AMD Achieves 75x Faster Performance for MI355X on DeepSeek V4 Pro with ROCm

Sports News » AMD Achieves 75x Faster Performance for MI355X on DeepSeek V4 Pro with ROCm
Preview AMD Achieves 75x Faster Performance for MI355X on DeepSeek V4 Pro with ROCm

Generative AI is widely regarded as the decade’s defining revolution, drawing comparisons to the advent of the Internet. Companies are making substantial investments in artificial intelligence, with record-breaking figures anticipated in 2026. While many are yet to see tangible profits from their AI endeavors, others are capitalizing on the trend for significant growth. NVIDIA stands as a prime example, having substantially increased its revenue thanks to its GPUs, with AMD and Intel also experiencing growth driven by AI. Recently, AMD AI engineers announced a remarkable achievement: they successfully boosted the performance of the MI355X accelerator by 75 times on DeepSeek V4 using ROCm in just 14 days.

DeepSeek has been at the forefront of the open-source generative text AI movement since its inception in 2025 with the R1 model, demonstrating its ability to rival American AI advancements. This highlights that U.S. restrictions on chip and machinery access did not ultimately halt China’s progress. While there may have been a temporary pause, China’s current momentum is unstoppable. Indeed, the latest iteration, DeepSeek V4, has emerged as the world’s most advanced Open Source AI model.

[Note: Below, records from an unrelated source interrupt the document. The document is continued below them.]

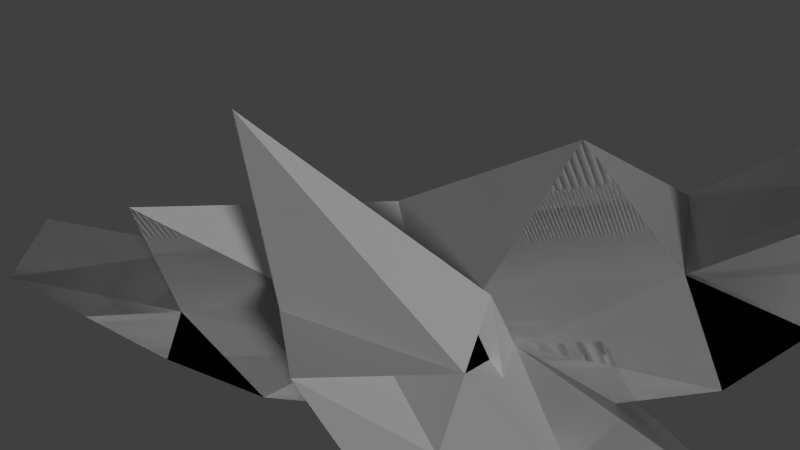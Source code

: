 # Source: ship_checkpoint4.blend  (saved by Blender 2.69.0; exported with 4.5.12 LTS)
import bpy
from mathutils import Matrix  # noqa: F401  (used for matrix-valued properties, if any)

bpy.ops.wm.read_factory_settings(use_empty=True)
scene = bpy.context.scene
scene.name = 'Scene'

# ---- collections
col_collection_1 = bpy.data.collections.new('Collection 1'); scene.collection.children.link(col_collection_1)

# ---- materials (node trees are filled in below, after node groups)
mat_material_001 = bpy.data.materials.new('Material.001')
mat_material_001.alpha_threshold = 0.0
mat_material_001.use_transparent_shadow = False
mat_material_001.roughness = 0.5
mat_material_001.line_color = (0.0, 0.0, 0.0, 1.0)

# ---- material node trees

# ---- world
world_world = bpy.data.worlds.new('World'); scene.world = world_world
world_world.color = (0.05088, 0.05088, 0.05088)
world_world.use_sun_shadow = False
world_world.sun_shadow_jitter_overblur = 0.0
world_world.cycles.sampling_method = 'MANUAL'
world_world.cycles.sample_map_resolution = 256

# ---- cameras
cam_camera = bpy.data.cameras.new('Camera')
cam_camera.clip_end = 100.0
cam_camera.lens = 35.0
cam_camera.sensor_width = 32.0
cam_camera.sensor_height = 18.0
cam_camera.ortho_scale = 7.314
cam_camera.dof.focus_distance = 0.0
cam_camera.dof.aperture_fstop = 128.0

# ---- lights
light_sun = bpy.data.lights.new('Sun', 'SUN')
light_sun.transmission_factor = 0.0
light_sun.angle = 0.1993
light_sun.energy = 1.0
light_sun.shadow_buffer_clip_start = 0.5
light_sun.shadow_soft_size = 0.1
light_sun.shadow_cascade_max_distance = 1000.0
light_sun.cycles.use_multiple_importance_sampling = False
light_lamp = bpy.data.lights.new('Lamp', 'POINT')
light_lamp.transmission_factor = 0.0
light_lamp.cutoff_distance = 30.0
light_lamp.energy = 100.0
light_lamp.shadow_buffer_clip_start = 1.001
light_lamp.shadow_soft_size = 0.1
light_lamp.shadow_maximum_resolution = 0.006
light_lamp.use_absolute_resolution = True
light_lamp.cycles.use_multiple_importance_sampling = False

# ---- meshes
me_cube = bpy.data.meshes.new('Cube')
me_cube.from_pydata([(1.0, 1.0, -1.0), (1.338, -1.187, -0.3495), (1.0, 1.0, 1.0), (2.73, -2.507, 0.103), (-1.0, -1.0, 1.0), (-1.0, 1.0, 1.0), (-1.769, 1.368, -0.9719), (1.0, 1.0, 0.0), (-1.769, -0.6318, -0.9719), (1.0, -1.0, 0.0), (-2.361, 0.9201, 0.3674), (-3.353, 3.068, -0.3399), (2.384e-07, 1.0, 1.0), (-5.364e-07, -1.0, 1.0), (-2.98e-07, -1.0, 0.0), (2.384e-07, 1.0, 0.0), (1.0, -2.989, 1.0), (-1.0, -2.989, 1.0), (1.0, -2.989, -2.384e-07), (-1.0, -2.989, -2.384e-07), (-1.248e-06, -2.989, 1.0), (-1.01e-06, -2.989, -2.384e-07), (1.879, -5.228, 1.066), (1.879, -5.228, 0.06559), (-1.6e-06, -3.973, 1.0), (-1.361e-06, -3.973, -2.384e-07), (4.106, 0.04256, -0.4377), (1.0, 1.0, -1.0), (1.0, -1.0, 1.266), (2.73, 2.507, 0.103), (-1.0, 1.0, 1.0), (-1.0, -1.0, 1.0), (-1.769, -1.368, -0.9719), (1.0, -1.0, 0.0), (-1.769, 0.6318, -0.9719), (1.0, 1.0, 0.0), (-2.361, -0.9201, 0.3674), (-3.353, -3.068, -0.3399), (2.384e-07, -1.0, 1.0), (-5.364e-07, 1.0, 1.0), (-2.98e-07, 1.0, 0.0), (2.384e-07, -1.0, 0.0), (1.0, 2.989, 1.0), (-1.0, 2.989, 1.0), (1.0, 2.989, -2.384e-07), (-1.0, 2.989, -2.384e-07), (-1.248e-06, 2.989, 1.0), (-1.01e-06, 2.989, -2.384e-07), (1.879, 5.228, 1.066), (1.879, 5.228, 0.06559), (-1.6e-06, 3.973, 1.0), (-1.361e-06, 3.973, -2.384e-07), (1.0, -1.0, -1.0), (1.338, 1.273, -0.3495), (1.0, -1.0, 1.0), (2.73, 2.507, 0.103), (-1.0, 1.0, 1.0), (-1.0, -1.0, 1.0), (-1.769, -1.368, -0.9719), (1.0, -1.0, 0.0), (-1.769, 0.6318, -0.9719), (1.0, 1.0, 0.0), (-2.361, -0.9201, 0.3674), (-3.353, -3.068, -0.3399), (2.384e-07, -1.0, 1.0), (-5.364e-07, 1.0, 1.0), (-2.98e-07, 1.0, 0.0), (2.384e-07, -1.0, 0.0), (1.0, 2.989, 1.0), (-1.0, 2.989, 1.0), (1.0, 2.989, -2.384e-07), (-1.0, 2.989, -2.384e-07), (-1.248e-06, 2.989, 1.0), (-1.01e-06, 2.989, -2.384e-07), (1.879, 5.228, 1.066), (1.879, 5.228, 0.06559), (-1.6e-06, 3.973, 1.0), (-1.361e-06, 3.973, -2.384e-07), (4.106, 0.04386, -0.4377), (1.0, -1.0, -1.0), (1.0, 1.0, 1.266), (2.73, -2.507, 0.103), (-1.0, -1.0, 1.0), (-1.0, 1.0, 1.0), (-1.769, 1.368, -0.9719), (1.0, 1.0, 0.0), (-1.769, -0.6318, -0.9719), (1.0, -1.0, 0.0), (-2.361, 0.9201, 0.3674), (-3.353, 3.068, -0.3399), (2.384e-07, 1.0, 1.0), (-5.364e-07, -1.0, 1.0), (-2.98e-07, -1.0, 0.0), (2.384e-07, 1.0, 0.0), (1.0, -2.989, 1.0), (-1.0, -2.989, 1.0), (1.0, -2.989, -2.384e-07), (-1.0, -2.989, -2.384e-07), (-1.248e-06, -2.989, 1.0), (-1.01e-06, -2.989, -2.384e-07), (1.879, -5.228, 1.066), (1.879, -5.228, 0.06559), (-1.6e-06, -3.973, 1.0), (-1.361e-06, -3.973, -2.384e-07), (-1.769, -0.6291, -0.9719), (-2.01, -0.0006902, -0.4261), (-1.928, -0.2151, -0.6123), (1.169, 0.1367, -0.6747), (1.169, 1.137, -0.1747), (1.0, 1.788e-07, -0.5), (1.169, -0.09347, -0.6747), (1.169, -1.093, -0.1747), (1.0, -1.788e-07, -0.5), (1.495, -0.004239, 0.9329), (0.5052, -0.01048, 1.134), (1.491, -0.005341, 0.9361)], [(1, 26), (52, 78)], [(12, 5, 4), (7, 2, 9), (10, 14, 19), (10, 4, 5), (11, 15, 6), (0, 110, 1, 8), (2, 12, 13), (0, 7, 9, 112), (8, 1, 14), (14, 9, 18), (12, 15, 5), (2, 7, 15), (7, 0, 15), (21, 18, 25), (3, 13, 16), (13, 4, 17), (17, 4, 19), (9, 3, 18), (23, 22, 24), (16, 20, 24), (18, 16, 23), (19, 25, 24), (17, 24, 20), (21, 25, 19), (11, 6, 10), (38, 39, 31), (33, 35, 28), (36, 45, 40), (36, 37, 31), (37, 32, 41), (28, 115, 29, 39, 114), (27, 34, 40), (40, 47, 44), (38, 31, 41), (28, 38, 33), (47, 51, 44), (29, 42, 39), (39, 46, 43), (36, 30, 45), (35, 44, 29), (49, 51, 50), (42, 48, 50), (44, 49, 42), (45, 43, 50), (43, 46, 50), (47, 45, 51), (37, 36, 32), (64, 65, 57), (59, 61, 54), (62, 71, 66), (62, 63, 57), (63, 58, 67), (52, 58, 104, 60), (52, 107, 109), (61, 108, 53, 66), (66, 73, 70), (64, 57, 67), (54, 64, 67), (59, 67, 52), (73, 77, 70), (55, 68, 65), (65, 72, 69), (62, 56, 71), (61, 70, 55), (75, 77, 76), (68, 74, 76), (70, 75, 68), (71, 69, 76), (69, 72, 76), (73, 71, 77), (63, 62, 58), (90, 83, 82), (85, 80, 87), (88, 92, 97), (88, 82, 83), (89, 93, 84), (80, 90, 91), (79, 87, 92), (92, 87, 96), (90, 93, 83), (80, 85, 90), (99, 96, 103), (81, 91, 94), (91, 82, 95), (95, 82, 97), (87, 81, 96), (101, 100, 102), (94, 98, 102), (96, 94, 101), (97, 103, 102), (95, 102, 98), (99, 103, 97), (89, 84, 88), (13, 12, 4), (14, 21, 19), (11, 10, 5), (6, 0, 8), (1, 110, 111), (39, 30, 31), (21, 14, 18), (31, 37, 41), (12, 2, 15), (0, 6, 15), (18, 23, 25), (13, 20, 16), (20, 13, 17), (30, 43, 45), (3, 16, 18), (25, 23, 24), (22, 16, 24), (16, 22, 23), (17, 19, 24), (6, 8, 10), (65, 56, 57), (35, 29, 115, 28), (45, 47, 40), (30, 36, 31), (38, 28, 114, 39), (35, 27, 40), (35, 40, 44), (82, 88, 97), (38, 41, 33), (51, 49, 44), (42, 46, 39), (30, 39, 43), (56, 69, 71), (44, 42, 29), (48, 49, 50), (46, 42, 50), (49, 48, 42), (51, 45, 50), (36, 105, 34, 32), (71, 73, 66), (56, 62, 57), (53, 107, 52, 60), (64, 54, 65), (59, 52, 109, 61), (1, 111, 9, 14), (61, 66, 70), (15, 11, 5), (59, 54, 67), (67, 58, 52), (77, 75, 70), (68, 72, 65), (56, 65, 69), (53, 60, 66), (70, 68, 55), (74, 75, 76), (72, 68, 76), (75, 74, 68), (77, 71, 76), (62, 60, 104, 58), (91, 90, 82), (80, 113, 81, 87), (92, 99, 97), (89, 88, 83), (81, 113, 91), (86, 79, 92), (99, 92, 96), (57, 63, 67), (85, 93, 90), (96, 101, 103), (91, 98, 94), (98, 91, 95), (4, 10, 19), (81, 94, 96), (103, 101, 102), (100, 94, 102), (94, 100, 101), (95, 97, 102), (84, 86, 106, 88), (93, 89, 83), (52, 27, 53, 78, 1), (109, 108, 61), (109, 107, 108), (107, 53, 108), (111, 112, 9), (111, 110, 112), (110, 0, 112), (53, 107, 78), (1, 110, 78), (113, 80, 91), (53, 1, 78), (87, 111, 85), (85, 111, 108), (111, 1, 108), (1, 53, 108)])
_uv = me_cube.uv_layers.new(name='UVMap')
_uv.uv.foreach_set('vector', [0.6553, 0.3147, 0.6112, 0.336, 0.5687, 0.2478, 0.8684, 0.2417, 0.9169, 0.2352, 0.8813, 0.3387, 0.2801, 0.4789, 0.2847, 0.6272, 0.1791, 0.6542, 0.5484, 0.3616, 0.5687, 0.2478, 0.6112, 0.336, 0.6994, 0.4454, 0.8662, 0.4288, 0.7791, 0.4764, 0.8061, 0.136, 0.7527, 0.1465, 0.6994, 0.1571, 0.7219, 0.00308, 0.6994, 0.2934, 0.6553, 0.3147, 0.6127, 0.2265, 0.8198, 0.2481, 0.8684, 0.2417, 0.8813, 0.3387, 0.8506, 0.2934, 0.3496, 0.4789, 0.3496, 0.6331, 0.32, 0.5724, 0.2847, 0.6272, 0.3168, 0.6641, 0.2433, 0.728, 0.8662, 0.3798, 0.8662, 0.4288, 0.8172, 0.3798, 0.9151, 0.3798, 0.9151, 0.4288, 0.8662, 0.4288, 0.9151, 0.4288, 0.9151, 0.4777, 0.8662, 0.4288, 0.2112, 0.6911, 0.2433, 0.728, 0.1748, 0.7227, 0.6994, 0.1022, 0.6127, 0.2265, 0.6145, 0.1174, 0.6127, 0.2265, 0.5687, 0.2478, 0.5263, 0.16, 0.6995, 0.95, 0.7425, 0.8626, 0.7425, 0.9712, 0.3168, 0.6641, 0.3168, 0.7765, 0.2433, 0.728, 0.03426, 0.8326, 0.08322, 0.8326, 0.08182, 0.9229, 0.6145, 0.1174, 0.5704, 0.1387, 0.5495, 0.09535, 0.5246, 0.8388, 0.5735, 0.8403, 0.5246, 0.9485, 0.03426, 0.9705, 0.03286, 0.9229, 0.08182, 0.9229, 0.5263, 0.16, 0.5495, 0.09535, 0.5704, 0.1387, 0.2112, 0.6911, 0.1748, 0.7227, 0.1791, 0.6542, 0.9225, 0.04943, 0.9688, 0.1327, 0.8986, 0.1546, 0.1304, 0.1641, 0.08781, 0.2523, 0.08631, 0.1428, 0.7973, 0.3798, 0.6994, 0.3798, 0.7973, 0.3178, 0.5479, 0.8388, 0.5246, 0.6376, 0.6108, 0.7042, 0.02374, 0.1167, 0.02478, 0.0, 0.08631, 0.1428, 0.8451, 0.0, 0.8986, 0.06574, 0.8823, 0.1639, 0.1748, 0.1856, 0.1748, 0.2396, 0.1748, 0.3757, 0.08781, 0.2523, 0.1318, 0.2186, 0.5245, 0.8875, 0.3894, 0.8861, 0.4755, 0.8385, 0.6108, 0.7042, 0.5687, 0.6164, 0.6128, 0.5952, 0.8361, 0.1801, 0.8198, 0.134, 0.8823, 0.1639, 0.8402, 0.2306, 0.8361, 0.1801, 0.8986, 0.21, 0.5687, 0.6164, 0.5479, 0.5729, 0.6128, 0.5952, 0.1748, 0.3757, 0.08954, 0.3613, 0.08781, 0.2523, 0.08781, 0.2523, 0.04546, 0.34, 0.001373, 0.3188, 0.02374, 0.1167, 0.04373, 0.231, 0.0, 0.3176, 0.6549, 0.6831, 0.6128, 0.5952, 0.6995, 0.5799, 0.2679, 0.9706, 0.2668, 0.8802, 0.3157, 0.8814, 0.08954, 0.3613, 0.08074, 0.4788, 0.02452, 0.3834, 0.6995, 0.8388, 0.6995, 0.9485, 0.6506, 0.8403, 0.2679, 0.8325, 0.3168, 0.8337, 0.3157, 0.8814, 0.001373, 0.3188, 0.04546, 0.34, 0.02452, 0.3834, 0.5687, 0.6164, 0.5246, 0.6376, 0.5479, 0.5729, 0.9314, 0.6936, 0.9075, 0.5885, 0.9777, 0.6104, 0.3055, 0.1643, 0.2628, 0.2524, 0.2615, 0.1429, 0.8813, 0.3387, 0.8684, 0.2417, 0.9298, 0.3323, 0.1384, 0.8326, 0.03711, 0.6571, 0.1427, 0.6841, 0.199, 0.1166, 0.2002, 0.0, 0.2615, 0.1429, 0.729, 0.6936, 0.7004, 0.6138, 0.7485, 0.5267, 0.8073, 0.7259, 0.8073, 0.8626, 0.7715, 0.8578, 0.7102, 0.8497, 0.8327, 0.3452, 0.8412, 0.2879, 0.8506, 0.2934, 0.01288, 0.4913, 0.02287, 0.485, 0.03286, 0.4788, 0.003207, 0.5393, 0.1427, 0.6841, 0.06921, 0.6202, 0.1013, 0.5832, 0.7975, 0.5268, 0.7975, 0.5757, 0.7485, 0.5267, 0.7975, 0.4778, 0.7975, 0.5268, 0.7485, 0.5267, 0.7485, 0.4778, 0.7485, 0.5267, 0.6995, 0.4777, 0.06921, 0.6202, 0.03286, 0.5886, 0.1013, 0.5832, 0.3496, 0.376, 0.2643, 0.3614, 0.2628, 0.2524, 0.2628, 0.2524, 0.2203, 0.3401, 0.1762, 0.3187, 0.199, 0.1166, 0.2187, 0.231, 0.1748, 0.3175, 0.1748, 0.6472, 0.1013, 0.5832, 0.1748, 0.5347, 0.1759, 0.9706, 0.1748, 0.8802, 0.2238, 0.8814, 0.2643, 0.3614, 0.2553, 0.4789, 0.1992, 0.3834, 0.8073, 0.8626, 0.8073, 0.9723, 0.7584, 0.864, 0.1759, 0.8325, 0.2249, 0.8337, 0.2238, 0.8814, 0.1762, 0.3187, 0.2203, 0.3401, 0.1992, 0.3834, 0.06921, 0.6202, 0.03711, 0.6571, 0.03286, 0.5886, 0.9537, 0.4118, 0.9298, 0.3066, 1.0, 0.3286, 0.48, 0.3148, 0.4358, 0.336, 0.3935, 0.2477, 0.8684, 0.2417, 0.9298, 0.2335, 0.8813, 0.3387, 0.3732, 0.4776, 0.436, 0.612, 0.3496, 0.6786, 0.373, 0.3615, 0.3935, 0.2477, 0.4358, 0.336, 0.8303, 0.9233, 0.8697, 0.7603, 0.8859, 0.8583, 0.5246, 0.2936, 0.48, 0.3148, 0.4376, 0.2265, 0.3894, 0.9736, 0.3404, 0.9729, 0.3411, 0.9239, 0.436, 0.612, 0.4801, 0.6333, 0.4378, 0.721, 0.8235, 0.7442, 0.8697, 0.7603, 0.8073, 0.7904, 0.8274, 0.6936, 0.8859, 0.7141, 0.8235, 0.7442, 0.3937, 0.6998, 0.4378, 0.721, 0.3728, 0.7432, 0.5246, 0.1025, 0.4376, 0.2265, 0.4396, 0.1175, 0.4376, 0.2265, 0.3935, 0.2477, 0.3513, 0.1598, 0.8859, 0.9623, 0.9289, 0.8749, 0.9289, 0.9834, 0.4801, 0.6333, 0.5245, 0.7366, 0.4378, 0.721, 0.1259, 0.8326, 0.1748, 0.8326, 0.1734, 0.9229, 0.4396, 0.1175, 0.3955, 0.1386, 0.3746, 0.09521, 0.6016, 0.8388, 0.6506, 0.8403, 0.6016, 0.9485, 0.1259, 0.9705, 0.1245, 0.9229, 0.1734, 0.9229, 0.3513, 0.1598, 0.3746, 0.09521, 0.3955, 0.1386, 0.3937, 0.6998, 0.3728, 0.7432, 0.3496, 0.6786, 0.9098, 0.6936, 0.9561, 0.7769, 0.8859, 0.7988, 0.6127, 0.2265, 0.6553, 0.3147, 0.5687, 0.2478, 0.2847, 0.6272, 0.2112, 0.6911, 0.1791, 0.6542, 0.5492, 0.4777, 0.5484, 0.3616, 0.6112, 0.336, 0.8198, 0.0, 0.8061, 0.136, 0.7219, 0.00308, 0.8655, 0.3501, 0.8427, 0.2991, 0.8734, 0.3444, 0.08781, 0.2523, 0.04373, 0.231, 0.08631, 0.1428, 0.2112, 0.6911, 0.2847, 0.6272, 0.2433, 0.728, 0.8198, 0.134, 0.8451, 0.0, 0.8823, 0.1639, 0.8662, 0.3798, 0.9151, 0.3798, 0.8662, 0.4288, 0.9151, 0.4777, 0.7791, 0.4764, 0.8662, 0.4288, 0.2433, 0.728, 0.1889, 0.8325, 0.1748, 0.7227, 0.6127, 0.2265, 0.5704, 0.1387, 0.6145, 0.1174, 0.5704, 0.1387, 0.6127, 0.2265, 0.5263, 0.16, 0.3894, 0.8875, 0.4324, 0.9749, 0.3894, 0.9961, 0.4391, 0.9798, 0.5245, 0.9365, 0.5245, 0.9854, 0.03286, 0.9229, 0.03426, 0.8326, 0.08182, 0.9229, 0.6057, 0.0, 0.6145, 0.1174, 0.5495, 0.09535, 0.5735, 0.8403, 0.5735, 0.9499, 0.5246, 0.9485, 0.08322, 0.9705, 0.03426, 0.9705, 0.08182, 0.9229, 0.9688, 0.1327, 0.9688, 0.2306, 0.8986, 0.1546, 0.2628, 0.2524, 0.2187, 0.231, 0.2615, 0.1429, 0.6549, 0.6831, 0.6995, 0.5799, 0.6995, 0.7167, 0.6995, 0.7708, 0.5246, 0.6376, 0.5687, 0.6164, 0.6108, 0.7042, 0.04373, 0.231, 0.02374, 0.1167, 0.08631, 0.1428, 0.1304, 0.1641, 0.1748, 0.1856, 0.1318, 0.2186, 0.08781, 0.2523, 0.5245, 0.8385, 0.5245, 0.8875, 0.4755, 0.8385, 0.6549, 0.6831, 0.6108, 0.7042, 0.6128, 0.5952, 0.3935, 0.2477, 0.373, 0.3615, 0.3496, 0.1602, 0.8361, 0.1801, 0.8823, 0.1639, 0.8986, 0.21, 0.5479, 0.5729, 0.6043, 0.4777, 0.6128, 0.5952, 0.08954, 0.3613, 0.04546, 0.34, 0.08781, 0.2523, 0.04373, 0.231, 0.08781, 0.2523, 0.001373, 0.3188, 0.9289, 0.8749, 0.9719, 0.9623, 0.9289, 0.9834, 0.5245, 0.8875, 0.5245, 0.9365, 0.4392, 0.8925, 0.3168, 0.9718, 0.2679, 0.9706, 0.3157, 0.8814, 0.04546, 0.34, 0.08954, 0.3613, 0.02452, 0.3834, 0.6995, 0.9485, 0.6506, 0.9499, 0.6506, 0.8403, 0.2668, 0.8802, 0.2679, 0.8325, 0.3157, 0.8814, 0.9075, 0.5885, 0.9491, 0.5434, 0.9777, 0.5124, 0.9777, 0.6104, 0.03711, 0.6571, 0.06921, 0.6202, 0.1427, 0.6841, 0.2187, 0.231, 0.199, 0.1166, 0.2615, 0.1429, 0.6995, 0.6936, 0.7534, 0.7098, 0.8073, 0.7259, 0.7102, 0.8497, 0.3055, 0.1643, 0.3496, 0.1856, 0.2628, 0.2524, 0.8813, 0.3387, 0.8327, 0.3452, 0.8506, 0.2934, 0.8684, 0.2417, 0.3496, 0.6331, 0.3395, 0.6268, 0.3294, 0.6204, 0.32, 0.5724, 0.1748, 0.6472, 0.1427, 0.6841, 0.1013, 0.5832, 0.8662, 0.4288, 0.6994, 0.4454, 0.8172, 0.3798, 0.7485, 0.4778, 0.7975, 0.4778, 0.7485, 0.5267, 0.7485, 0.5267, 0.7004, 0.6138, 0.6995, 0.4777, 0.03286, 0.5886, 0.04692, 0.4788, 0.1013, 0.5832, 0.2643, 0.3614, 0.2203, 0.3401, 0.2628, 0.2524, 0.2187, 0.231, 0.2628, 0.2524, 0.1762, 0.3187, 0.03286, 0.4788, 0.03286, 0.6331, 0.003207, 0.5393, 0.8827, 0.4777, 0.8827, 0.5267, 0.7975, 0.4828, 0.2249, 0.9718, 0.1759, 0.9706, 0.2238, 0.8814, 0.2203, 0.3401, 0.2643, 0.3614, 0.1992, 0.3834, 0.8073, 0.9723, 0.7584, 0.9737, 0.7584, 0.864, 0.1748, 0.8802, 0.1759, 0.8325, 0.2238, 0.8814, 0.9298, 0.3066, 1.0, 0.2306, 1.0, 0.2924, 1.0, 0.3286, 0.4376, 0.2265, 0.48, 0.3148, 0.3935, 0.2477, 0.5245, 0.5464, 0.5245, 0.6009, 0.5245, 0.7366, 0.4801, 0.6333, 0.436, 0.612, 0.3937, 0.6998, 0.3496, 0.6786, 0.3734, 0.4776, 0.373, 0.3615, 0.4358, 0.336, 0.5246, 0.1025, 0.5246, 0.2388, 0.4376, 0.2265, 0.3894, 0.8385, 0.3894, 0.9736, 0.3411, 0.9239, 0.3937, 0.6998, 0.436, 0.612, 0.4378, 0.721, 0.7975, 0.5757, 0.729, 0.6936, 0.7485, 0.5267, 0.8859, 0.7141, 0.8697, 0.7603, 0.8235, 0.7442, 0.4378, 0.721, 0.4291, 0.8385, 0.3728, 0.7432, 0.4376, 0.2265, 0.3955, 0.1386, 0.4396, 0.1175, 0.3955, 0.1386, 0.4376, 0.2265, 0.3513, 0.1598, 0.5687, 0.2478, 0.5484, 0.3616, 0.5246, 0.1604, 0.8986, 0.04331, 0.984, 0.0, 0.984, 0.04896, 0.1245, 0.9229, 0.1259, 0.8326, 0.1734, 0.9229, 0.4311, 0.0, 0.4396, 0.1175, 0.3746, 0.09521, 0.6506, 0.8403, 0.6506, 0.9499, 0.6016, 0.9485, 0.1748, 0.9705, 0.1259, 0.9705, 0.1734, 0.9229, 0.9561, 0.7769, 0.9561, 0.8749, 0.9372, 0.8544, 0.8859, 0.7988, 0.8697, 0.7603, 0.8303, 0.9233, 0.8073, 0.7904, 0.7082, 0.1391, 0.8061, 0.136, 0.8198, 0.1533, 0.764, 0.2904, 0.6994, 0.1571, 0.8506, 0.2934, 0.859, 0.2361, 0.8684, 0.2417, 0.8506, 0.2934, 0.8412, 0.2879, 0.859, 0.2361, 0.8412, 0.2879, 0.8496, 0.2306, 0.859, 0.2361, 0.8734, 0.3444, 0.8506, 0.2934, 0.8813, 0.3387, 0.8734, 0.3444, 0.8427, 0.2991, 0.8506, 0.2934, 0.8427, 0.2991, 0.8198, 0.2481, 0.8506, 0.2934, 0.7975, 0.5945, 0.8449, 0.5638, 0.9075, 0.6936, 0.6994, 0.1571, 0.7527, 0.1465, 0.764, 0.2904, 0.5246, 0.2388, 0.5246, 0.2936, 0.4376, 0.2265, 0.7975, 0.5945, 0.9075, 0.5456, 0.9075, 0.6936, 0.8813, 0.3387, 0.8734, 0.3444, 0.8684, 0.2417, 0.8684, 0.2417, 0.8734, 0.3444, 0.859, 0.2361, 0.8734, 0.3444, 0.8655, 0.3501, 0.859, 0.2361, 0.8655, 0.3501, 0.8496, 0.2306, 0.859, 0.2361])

AMD Engineers Achieve 75x Speedup for MI355X on DeepSeek V4 Pro with ROCm in Just 14 Days

Upon DeepSeek’s unveiling, NVIDIA quickly expressed significant interest, offering day-one support for its Blackwell Ultra GPUs on DeepSeek V4. With these powerful graphics cards, NVIDIA achieved an impressive 3,500 tokens per second per GPU. AMD, determined not to be outdone, faced initial performance challenges. However, a dedicated team of AMD engineers has accomplished what seemed improbable: a 75-fold performance improvement in just two weeks.

The accompanying graph illustrates this progression. On April 25, 2026, the graphics accelerator performed poorly with DeepSeek 4 Pro, managing only about 80 tokens per second per GPU. By May 2, 2026, they achieved a significant uplift, reaching over 500 tokens per second per GPU, and by May 4, they surpassed 600 tokens per second. A mere four days later, on May 8, performance surged to approximately 1,500 tokens per second per GPU, showcasing the substantial growth of the MI355X on DeepSeek V4 Pro with ROCm.

NVIDIA Blackwell Ultra Remains Over Twice as Fast as AMD Even with Improvements

According to SemiAnalysis, the performance gains are attributed to the combination of mHC operations and the fusion of RoPE Hadamard transformations, which reduce CPU overhead and enhance HBM memory utilization. Despite this incredible performance boost achieved in a record timeframe, AMD’s solution still trails behind NVIDIA. Specifically, Blackwell Ultra GPUs are delivering more than double the tokens per second. To match NVIDIA’s GB200 node, AMD would need to quintuple its current performance.

Nevertheless, considering the advancements made in just two weeks, it is plausible that future optimizations and breakthroughs will further enhance the MI355X’s capabilities, potentially enabling it to compete at the GB200’s level for certain tasks.